**Task requirements:** Below are records; count the lines that contain "stroke" and give only the total.

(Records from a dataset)
:::
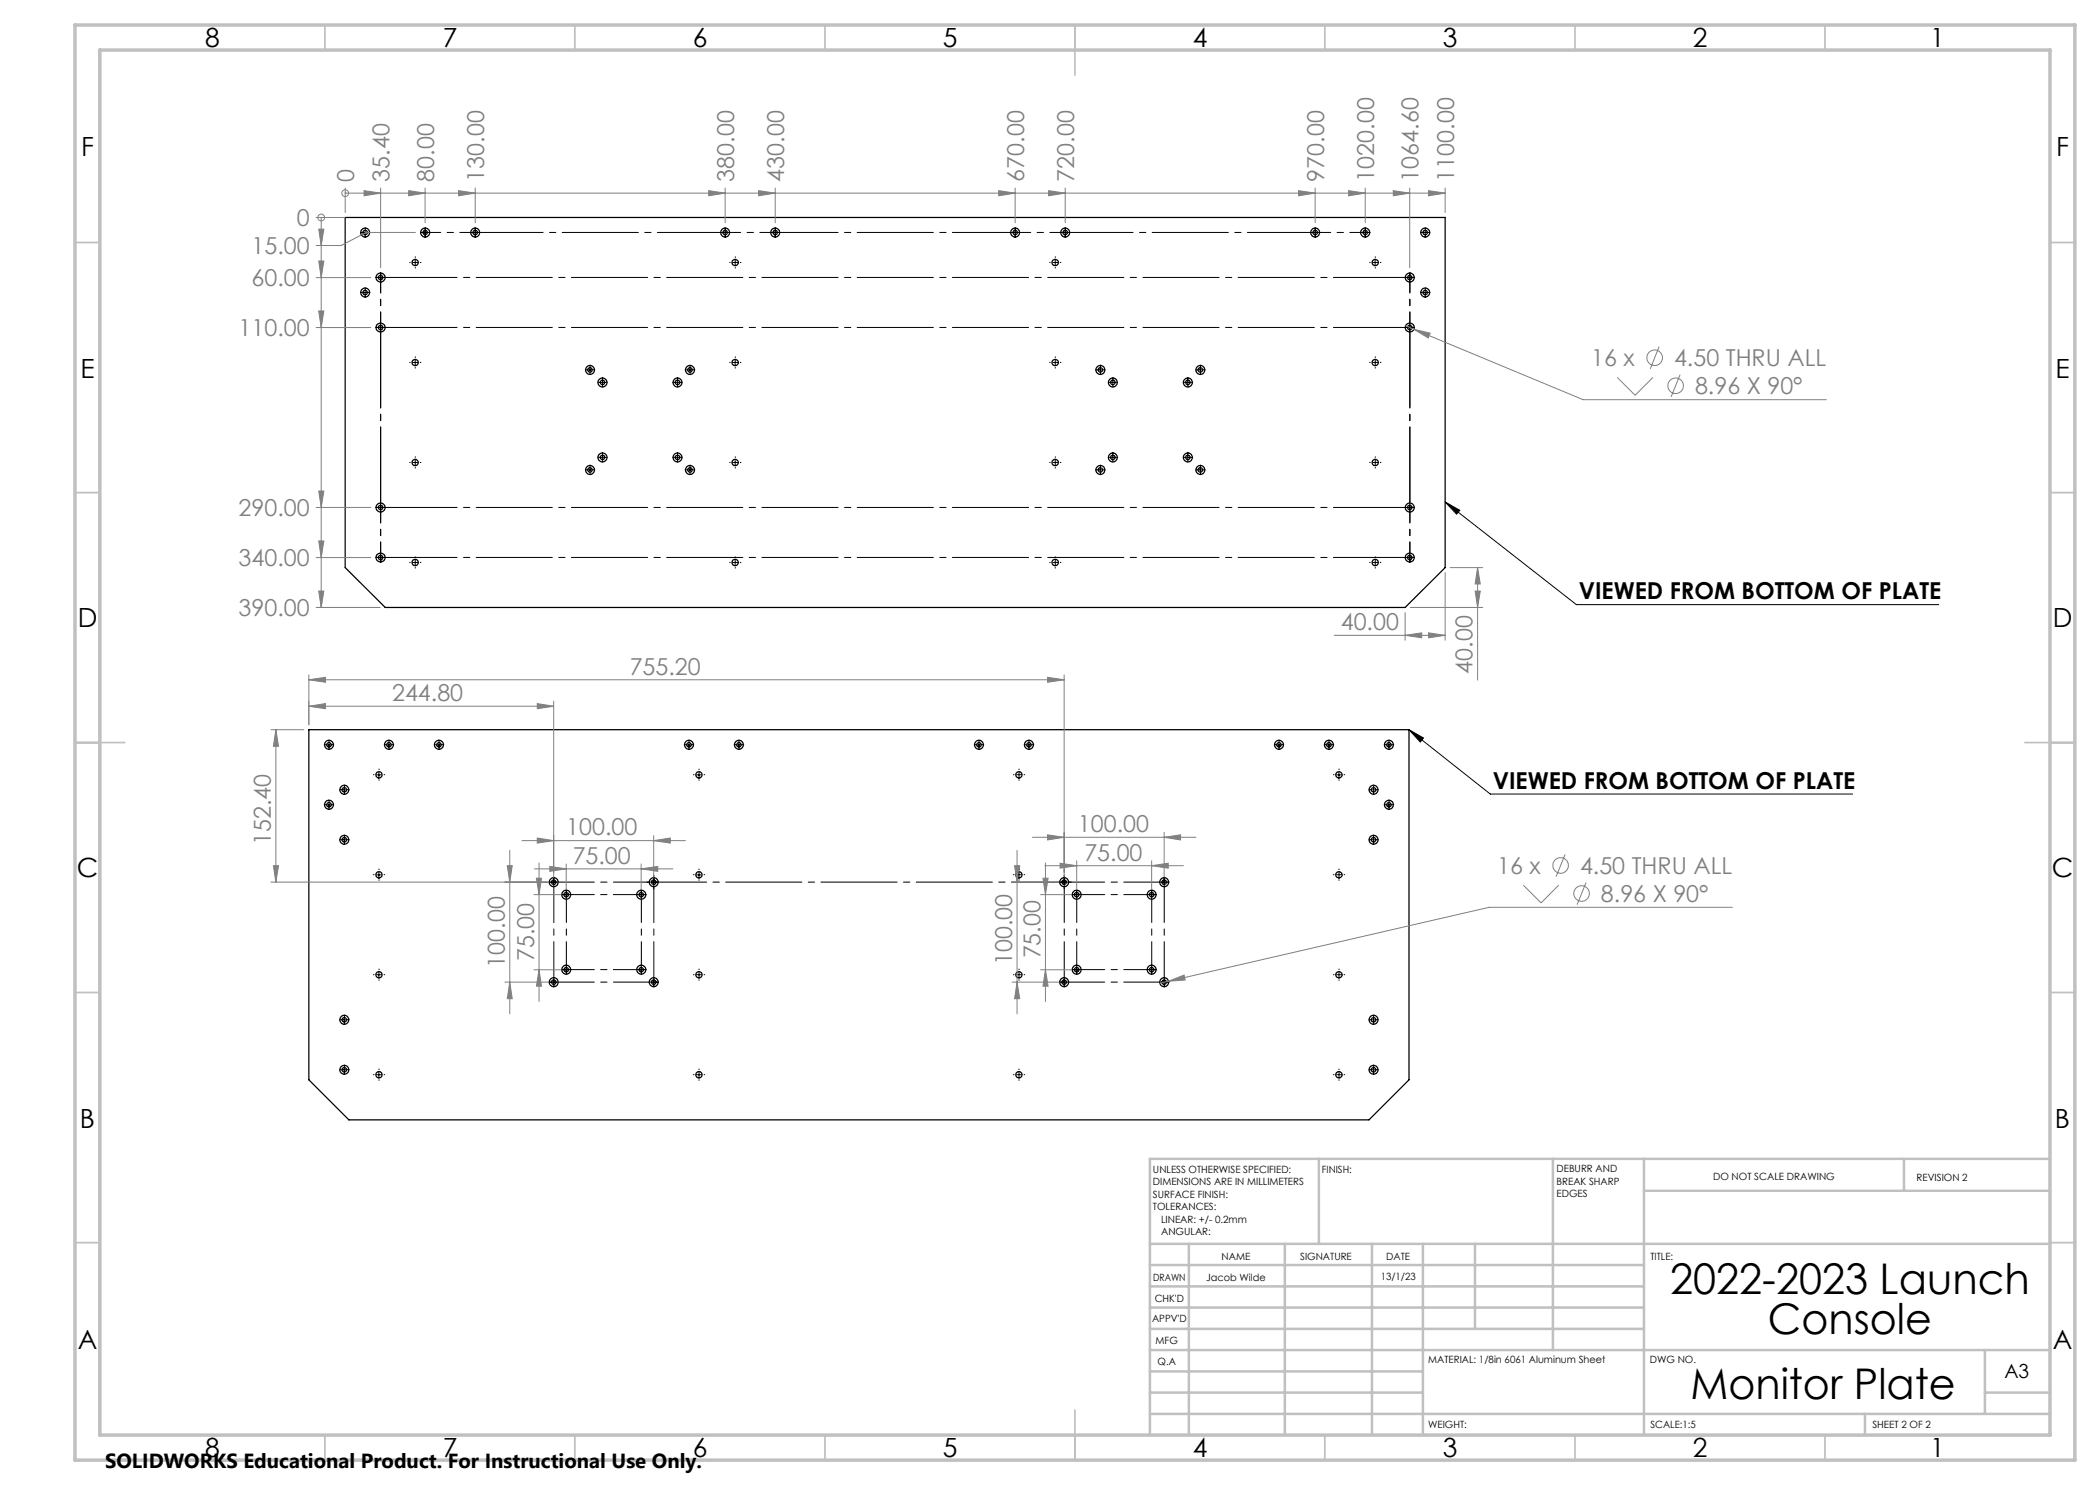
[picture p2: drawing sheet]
<svg xmlns="http://www.w3.org/2000/svg" width="420mm" height="297mm" viewBox="0 0 420 297" stroke-linecap="round" stroke-linejoin="round" font-family="sans-serif">
<g fill="none" stroke="#000" stroke-width=".25">
<path d="M69 43.5h220v70l-8 8h-204l-8-8zM61.8 145.9h220v70.1l-8 8h-204l-8-8z"/>
<circle cx="73" cy="46.5" r=".45"/>
<circle cx="73" cy="58.5" r=".89"/>
<circle cx="73" cy="46.5" r=".89"/>
<circle cx="73" cy="58.5" r=".44"/>
<circle cx="76.1" cy="55.5" r=".9"/>
<circle cx="76.1" cy="55.5" r=".43"/>
<circle cx="83" cy="52.5" r=".63"/>
<circle cx="85" cy="46.5" r=".45"/>
<circle cx="85" cy="46.5" r=".9"/>
<circle cx="95" cy="46.5" r=".45"/>
<circle cx="95" cy="46.5" r=".89"/>
<circle cx="145" cy="46.5" r=".45"/>
<circle cx="145" cy="46.5" r=".89"/>
<circle cx="147" cy="52.5" r=".63"/>
<circle cx="155" cy="46.5" r=".44"/>
<circle cx="155" cy="46.5" r=".9"/>
<circle cx="203" cy="46.5" r=".45"/>
<circle cx="203" cy="46.5" r=".89"/>
<circle cx="211" cy="52.5" r=".64"/>
<circle cx="213" cy="46.5" r=".45"/>
<circle cx="213" cy="46.5" r=".89"/>
<circle cx="263" cy="46.5" r=".45"/>
<circle cx="263" cy="46.5" r=".89"/>
<circle cx="273" cy="46.5" r=".44"/>
<circle cx="273" cy="46.5" r=".9"/>
<circle cx="275" cy="52.5" r=".63"/>
<circle cx="281.9" cy="55.5" r=".89"/>
<circle cx="281.9" cy="55.5" r=".44"/>
<circle cx="285" cy="46.5" r=".44"/>
<circle cx="285" cy="58.5" r=".43"/>
<circle cx="285" cy="58.5" r=".89"/>
<circle cx="285" cy="46.5" r=".89"/>
<circle cx="76.1" cy="65.5" r=".45"/>
<circle cx="76.1" cy="65.5" r=".9"/>
<circle cx="83" cy="72.5" r=".63"/>
<circle cx="118" cy="74" r=".43"/>
<circle cx="118" cy="74" r=".89"/>
<circle cx="120.5" cy="76.5" r=".45"/>
<circle cx="120.5" cy="76.5" r=".9"/>
<circle cx="135.5" cy="76.5" r=".89"/>
<circle cx="135.5" cy="76.5" r=".46"/>
<circle cx="138" cy="74" r=".9"/>
<circle cx="138" cy="74" r=".43"/>
<circle cx="147" cy="72.5" r=".63"/>
<circle cx="211" cy="72.5" r=".64"/>
<circle cx="220.1" cy="74" r=".89"/>
<circle cx="220.1" cy="74" r=".44"/>
<circle cx="222.6" cy="76.5" r=".89"/>
<circle cx="222.6" cy="76.5" r=".46"/>
<circle cx="237.6" cy="76.5" r=".89"/>
<circle cx="237.6" cy="76.5" r=".46"/>
<circle cx="240.1" cy="74" r=".89"/>
<circle cx="240.1" cy="74" r=".44"/>
<circle cx="275" cy="72.5" r=".63"/>
<circle cx="281.9" cy="65.5" r=".89"/>
<circle cx="281.9" cy="65.5" r=".46"/>
<circle cx="83" cy="92.5" r=".63"/>
<circle cx="118" cy="94" r=".43"/>
<circle cx="118" cy="94" r=".89"/>
<circle cx="120.5" cy="91.5" r=".9"/>
<circle cx="120.5" cy="91.5" r=".43"/>
<circle cx="135.5" cy="91.5" r=".89"/>
<circle cx="135.5" cy="91.5" r=".44"/>
<circle cx="138" cy="94" r=".9"/>
<circle cx="138" cy="94" r=".43"/>
<circle cx="147" cy="92.5" r=".63"/>
<circle cx="211" cy="92.5" r=".64"/>
<circle cx="220.1" cy="94" r=".89"/>
<circle cx="220.1" cy="94" r=".44"/>
<circle cx="222.6" cy="91.5" r=".89"/>
<circle cx="222.6" cy="91.5" r=".44"/>
<circle cx="237.6" cy="91.5" r=".89"/>
<circle cx="237.6" cy="91.5" r=".44"/>
<circle cx="240.1" cy="94" r=".89"/>
<circle cx="240.1" cy="94" r=".44"/>
<circle cx="275" cy="92.5" r=".63"/>
<circle cx="76.1" cy="101.5" r=".44"/>
<circle cx="76.1" cy="111.5" r=".45"/>
<circle cx="76.1" cy="101.5" r=".9"/>
<circle cx="76.1" cy="111.5" r=".9"/>
<circle cx="83" cy="112.5" r=".63"/>
<circle cx="147" cy="112.5" r=".63"/>
<circle cx="211" cy="112.5" r=".64"/>
<circle cx="275" cy="112.5" r=".63"/>
<circle cx="281.9" cy="101.5" r=".45"/>
<circle cx="281.9" cy="101.5" r=".89"/>
<circle cx="281.9" cy="111.5" r=".89"/>
<circle cx="281.9" cy="111.5" r=".46"/>
<circle cx="65.8" cy="149" r=".89"/>
<circle cx="65.8" cy="149" r=".44"/>
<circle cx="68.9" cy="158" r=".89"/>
:::
**Response box:** 2